Woosh, wait, wait, wait, wait, wait… woosh.
“Yeah.”
A Slightly LarGER VERsion of the Drawing for ‘Joyce Hoffman’s Bra’
I posted the story before I finished processing the drawing; and then the drawing- I don’t know why- can’t seem to figure this stuff out- came out smaller than I’d like. So, I hit ‘edit.’ Not sure what happened to that version. Anyway, if you’re looking at this, just keep moving down to the next story. And the next, and… Hey, Happy New Year!
December’s Lost Boards- Swami’s ’69, Straits ’14
photo by Steve Kohr, stevekohr.com
12/28/14- FORMERLY SEMI-SECRET SPOT- STRAITS OF JUAN DE FUCA.
It would be half an hour before the winter sun would rise, and even then it would be blocked for hours by the Olympic Mountains, then the nearer tree lines. In fact, at this time of year, on the north shore of the west coast, the sun merely hugs the mountains like an all-day dawn. At 7:30 am, what could be seen was grainy, almost colorless; headlights in the parking area, semi-clear sky, the water was the color of drowning, of death at sea.
And I was in it trying to swim, side-stroke, one hand on my paddle; and I hadn’t even caught a wave yet.
Yeah, it’s over-dramatic; but I was the one caught in it, swimming because I had tried to cut across the usually waveless channel, the deep spot between two reefs; so confident; thinking I could snag an inside left on my way out to a lineup in which the first members of the dawn patrollers were trying to find the perfect place to take off in a crazy sea.
Sure, I’d seen, even in the dim light, the sets breaking on the outlside indicators, the roll-throughs, the waves that closed out the channel and the ones that could provide those storied rides that start on the outside reef and end up past the parking area, past the fence.
“I ended up way past the fence, man.” “Whoa.” Meaningful.
But this is my favorite spot on the Straits of Juan de Fuca; I’ve surfed here (first time, 1979, next time 2005, if this means anything) in every condition, from low tide rights you couldn’t catch with a regular board, fin clicking across rocks; to those just-mentioned left peelers; to bouncy just-after-a-storm surf, waves blown by winds from sideshore squalls, rain or sleet, cold offshores from fresh mountain snow; fun, user-friendly conditions- but I’ve also surfed days with these outside roll-throughs, almost out of control, where the hard part was not panicking, holding my position, waiting for the reef to catch the bottom of the swell, to shape it properly.
Big Dave had been on the wave, dealing with an inside close out, almost directly in front of me; the wave that ripped the leash that, evidently, hadn’t had enough Velcro ‘bite.’ It wasn’t a big pull; my board was just gone.
Oh, I could see it, tantalizingly close, just out of reach; then, another wave, and it popped up again, farther away.
I was only yards from the beach, but I knew the waves wouldn’t help push me to shore.

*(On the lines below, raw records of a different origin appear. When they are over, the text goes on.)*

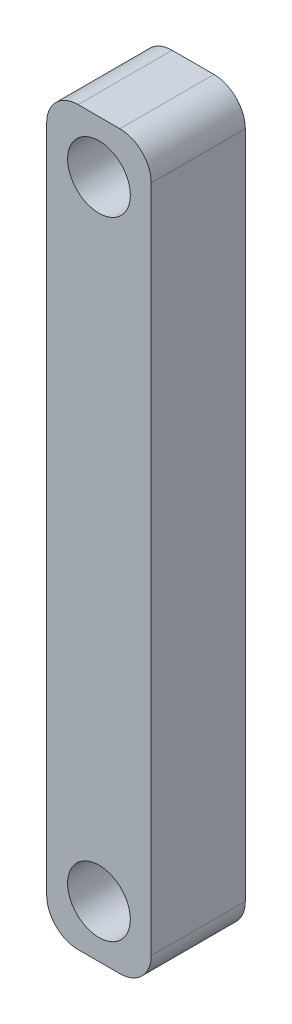
ISO-10303-21;
HEADER;
FILE_DESCRIPTION(('STEP AP214'),'2;1');
FILE_NAME('part.step','',(''),(''),'','','');
FILE_SCHEMA(('AUTOMOTIVE_DESIGN { 1 0 10303 214 1 1 1 1 }'));
ENDSEC;
DATA;
#1=APPLICATION_CONTEXT('core data for automotive mechanical design processes');
#2=APPLICATION_PROTOCOL_DEFINITION('international standard','automotive_design',2000,#1);
#3=PRODUCT_CONTEXT('',#1,'mechanical');
#4=PRODUCT('Part','Part','',(#3));
#5=PRODUCT_RELATED_PRODUCT_CATEGORY('part','',(#4));
#6=PRODUCT_DEFINITION_FORMATION('','',#4);
#7=PRODUCT_DEFINITION_CONTEXT('part definition',#1,'design');
#8=PRODUCT_DEFINITION('design','',#6,#7);
#9=PRODUCT_DEFINITION_SHAPE('','',#8);
#10=(LENGTH_UNIT() NAMED_UNIT(*) SI_UNIT(.MILLI.,.METRE.));
#11=(NAMED_UNIT(*) PLANE_ANGLE_UNIT() SI_UNIT($,.RADIAN.));
#12=(NAMED_UNIT(*) SI_UNIT($,.STERADIAN.) SOLID_ANGLE_UNIT());
#13=UNCERTAINTY_MEASURE_WITH_UNIT(LENGTH_MEASURE(1.E-05),#10,'distance_accuracy_value','');
#14=(GEOMETRIC_REPRESENTATION_CONTEXT(3) GLOBAL_UNCERTAINTY_ASSIGNED_CONTEXT((#13)) GLOBAL_UNIT_ASSIGNED_CONTEXT((#10,
#11,#12)) REPRESENTATION_CONTEXT('',''));
#15=CARTESIAN_POINT('',(0.,0.,0.));
#16=DIRECTION('',(0.,0.,1.));
#17=DIRECTION('',(1.,0.,0.));
#18=AXIS2_PLACEMENT_3D('',#15,#16,#17);
#19=CARTESIAN_POINT('',(-20.5496626180832,69.7557354925773,22.86));
#20=DIRECTION('',(1.,0.,0.));
#21=DIRECTION('',(0.,0.,-0.999999999999999));
#22=AXIS2_PLACEMENT_3D('',#19,#20,#21);
#23=PLANE('',#22);
#24=DIRECTION('',(0.,-1.,0.));
#25=VECTOR('',#24,1.);
#26=CARTESIAN_POINT('',(-20.5496626180832,69.7557354925773,22.86));
#27=LINE('',#26,#25);
#28=CARTESIAN_POINT('',(-20.5496626180836,62.1357354925776,22.86));
#29=VERTEX_POINT('',#28);
#30=CARTESIAN_POINT('',(-20.5496626180834,-100.424264507422,22.86));
#31=VERTEX_POINT('',#30);
#32=EDGE_CURVE('E118',#29,#31,#27,.T.);
#33=ORIENTED_EDGE('',*,*,#32,.F.);
#34=DIRECTION('',(0.,0.,-0.999999999999999));
#35=VECTOR('',#34,1.);
#36=CARTESIAN_POINT('',(-20.5496626180836,62.1357354925776,22.86));
#37=LINE('',#36,#35);
#38=CARTESIAN_POINT('',(-20.5496626180836,62.1357354925776,0.));
#39=VERTEX_POINT('',#38);
#40=EDGE_CURVE('E103',#29,#39,#37,.T.);
#41=ORIENTED_EDGE('',*,*,#40,.T.);
#42=DIRECTION('',(0.,-1.,0.));
#43=VECTOR('',#42,1.);
#44=CARTESIAN_POINT('',(-20.5496626180832,69.7557354925773,0.));
#45=LINE('',#44,#43);
#46=CARTESIAN_POINT('',(-20.5496626180831,-100.424264507423,0.));
#47=VERTEX_POINT('',#46);
#48=EDGE_CURVE('E115',#39,#47,#45,.T.);
#49=ORIENTED_EDGE('',*,*,#48,.T.);
#50=DIRECTION('',(0.,0.,-0.999999999999999));
#51=VECTOR('',#50,1.);
#52=CARTESIAN_POINT('',(-20.5496626180834,-100.424264507422,22.86));
#53=LINE('',#52,#51);
#54=EDGE_CURVE('E120',#47,#31,#53,.F.);
#55=ORIENTED_EDGE('',*,*,#54,.T.);
#56=EDGE_LOOP('',(#33,#41,#49,#55));
#57=FACE_BOUND('',#56,.T.);
#58=ADVANCED_FACE('F32',(#57),#23,.F.);
#59=CARTESIAN_POINT('',(-20.5496626180834,-108.044264507422,22.86));
#60=DIRECTION('',(0.,1.,0.));
#61=DIRECTION('',(0.,0.,0.999999999999999));
#62=AXIS2_PLACEMENT_3D('',#59,#60,#61);
#63=PLANE('',#62);
#64=DIRECTION('',(1.,0.,0.));
#65=VECTOR('',#64,1.);
#66=CARTESIAN_POINT('',(-20.5496626180834,-108.044264507422,22.86));
#67=LINE('',#66,#65);
#68=CARTESIAN_POINT('',(-12.9296626180835,-108.044264507422,22.86));
#69=VERTEX_POINT('',#68);
#70=CARTESIAN_POINT('',(-2.76966261808331,-108.044264507422,22.86));
#71=VERTEX_POINT('',#70);
#72=EDGE_CURVE('E166',#69,#71,#67,.T.);
#73=ORIENTED_EDGE('',*,*,#72,.F.);
#74=DIRECTION('',(0.,0.,-0.999999999999999));
#75=VECTOR('',#74,1.);
#76=CARTESIAN_POINT('',(-12.9296626180835,-108.044264507422,22.86));
#77=LINE('',#76,#75);
#78=CARTESIAN_POINT('',(-12.9296626180835,-108.044264507422,0.));
#79=VERTEX_POINT('',#78);
#80=EDGE_CURVE('E11',#69,#79,#77,.T.);
#81=ORIENTED_EDGE('',*,*,#80,.T.);
#82=DIRECTION('',(1.,0.,0.));
#83=VECTOR('',#82,1.);
#84=CARTESIAN_POINT('',(-20.5496626180834,-108.044264507422,0.));
#85=LINE('',#84,#83);
#86=CARTESIAN_POINT('',(-2.76966261808331,-108.044264507422,0.));
#87=VERTEX_POINT('',#86);
#88=EDGE_CURVE('E125',#79,#87,#85,.T.);
#89=ORIENTED_EDGE('',*,*,#88,.T.);
#90=DIRECTION('',(0.,0.,-0.999999999999999));
#91=VECTOR('',#90,1.);
#92=CARTESIAN_POINT('',(-2.76966261808331,-108.044264507422,22.86));
#93=LINE('',#92,#91);
#94=EDGE_CURVE('E40',#87,#71,#93,.F.);
#95=ORIENTED_EDGE('',*,*,#94,.T.);
#96=EDGE_LOOP('',(#73,#81,#89,#95));
#97=FACE_BOUND('',#96,.T.);
#98=ADVANCED_FACE('F165',(#97),#63,.F.);
#99=CARTESIAN_POINT('',(4.85033738191665,69.7557354925771,22.86));
#100=DIRECTION('',(-1.,0.,0.));
#101=DIRECTION('',(0.,-1.,0.));
#102=AXIS2_PLACEMENT_3D('',#99,#100,#101);
#103=PLANE('',#102);
#104=DIRECTION('',(0.,1.,0.));
#105=VECTOR('',#104,1.);
#106=CARTESIAN_POINT('',(4.85033738191665,69.7557354925771,0.));
#107=LINE('',#106,#105);
#108=CARTESIAN_POINT('',(4.85033738191643,-100.424264507422,0.));
#109=VERTEX_POINT('',#108);
#110=CARTESIAN_POINT('',(4.85033738191643,62.1357354925776,0.));
#111=VERTEX_POINT('',#110);
#112=EDGE_CURVE('E129',#109,#111,#107,.T.);
#113=ORIENTED_EDGE('',*,*,#112,.T.);
#114=DIRECTION('',(0.,0.,-0.999999999999999));
#115=VECTOR('',#114,1.);
#116=CARTESIAN_POINT('',(4.85033738191643,62.1357354925776,22.86));
#117=LINE('',#116,#115);
#118=CARTESIAN_POINT('',(4.85033738191643,62.1357354925776,22.86));
#119=VERTEX_POINT('',#118);
#120=EDGE_CURVE('E47',#111,#119,#117,.F.);
#121=ORIENTED_EDGE('',*,*,#120,.T.);
#122=DIRECTION('',(0.,1.,0.));
#123=VECTOR('',#122,1.);
#124=CARTESIAN_POINT('',(4.85033738191665,69.7557354925771,22.86));
#125=LINE('',#124,#123);
#126=CARTESIAN_POINT('',(4.85033738191643,-100.424264507422,22.86));
#127=VERTEX_POINT('',#126);
#128=EDGE_CURVE('E172',#127,#119,#125,.T.);
#129=ORIENTED_EDGE('',*,*,#128,.F.);
#130=DIRECTION('',(0.,0.,-0.999999999999999));
#131=VECTOR('',#130,1.);
#132=CARTESIAN_POINT('',(4.85033738191643,-100.424264507422,22.86));
#133=LINE('',#132,#131);
#134=EDGE_CURVE('E159',#127,#109,#133,.T.);
#135=ORIENTED_EDGE('',*,*,#134,.T.);
#136=EDGE_LOOP('',(#113,#121,#129,#135));
#137=FACE_BOUND('',#136,.T.);
#138=ADVANCED_FACE('F176',(#137),#103,.F.);
#139=CARTESIAN_POINT('',(-20.5496626180832,69.7557354925773,22.86));
#140=DIRECTION('',(0.,-1.,0.));
#141=DIRECTION('',(0.,0.,-0.999999999999999));
#142=AXIS2_PLACEMENT_3D('',#139,#140,#141);
#143=PLANE('',#142);
#144=DIRECTION('',(-1.,0.,0.));
#145=VECTOR('',#144,1.);
#146=CARTESIAN_POINT('',(-20.5496626180832,69.7557354925773,0.));
#147=LINE('',#146,#145);
#148=CARTESIAN_POINT('',(-2.76966261808353,69.7557354925774,0.));
#149=VERTEX_POINT('',#148);
#150=CARTESIAN_POINT('',(-12.9296626180835,69.7557354925773,0.));
#151=VERTEX_POINT('',#150);
#152=EDGE_CURVE('E139',#149,#151,#147,.T.);
#153=ORIENTED_EDGE('',*,*,#152,.T.);
#154=DIRECTION('',(0.,0.,-0.999999999999999));
#155=VECTOR('',#154,1.);
#156=CARTESIAN_POINT('',(-12.9296626180835,69.7557354925773,22.86));
#157=LINE('',#156,#155);
#158=CARTESIAN_POINT('',(-12.9296626180835,69.7557354925773,22.86));
#159=VERTEX_POINT('',#158);
#160=EDGE_CURVE('E104',#151,#159,#157,.F.);
#161=ORIENTED_EDGE('',*,*,#160,.T.);
#162=DIRECTION('',(-1.,0.,0.));
#163=VECTOR('',#162,1.);
#164=CARTESIAN_POINT('',(-20.5496626180832,69.7557354925773,22.86));
#165=LINE('',#164,#163);
#166=CARTESIAN_POINT('',(-2.76966261808353,69.7557354925774,22.86));
#167=VERTEX_POINT('',#166);
#168=EDGE_CURVE('E135',#167,#159,#165,.T.);
#169=ORIENTED_EDGE('',*,*,#168,.F.);
#170=DIRECTION('',(0.,0.,-0.999999999999999));
#171=VECTOR('',#170,1.);
#172=CARTESIAN_POINT('',(-2.76966261808353,69.7557354925774,22.86));
#173=LINE('',#172,#171);
#174=EDGE_CURVE('E109',#167,#149,#173,.T.);
#175=ORIENTED_EDGE('',*,*,#174,.T.);
#176=EDGE_LOOP('',(#153,#161,#169,#175));
#177=FACE_BOUND('',#176,.T.);
#178=ADVANCED_FACE('F183',(#177),#143,.F.);
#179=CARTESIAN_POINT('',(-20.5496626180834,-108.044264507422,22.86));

The tide was too high, washing up on the river-rock bank; pushing up and rolling rocks and foam uphill. Then there were clackity-thunk sounds as the energy tumbled back down, crashing into the next surge. I knew there would be no bottom to put my feet on to take a last leap forward.
still, not panicking.
DECEMBER OF 1969- SWAMI’S-
It was the second day of the famous swell. I had survived the first, seriously undergunned with my regular short board (probably around 6’6”) in well-overhead waves with an unusually strong Santa Ana offshore. Yes, I was one of those guys hanging on the shoulder. In my memory bank’s version (probably in a Super 8 format- still), I was out very early and the tide was at that height where there is no inside and outside; merely a long wall that required a crazy-late takeoff, offered a crazy-long barrel past the shoulder-hoppers, and rewarded the best surfers with the best rides Swami’s could possibly offer.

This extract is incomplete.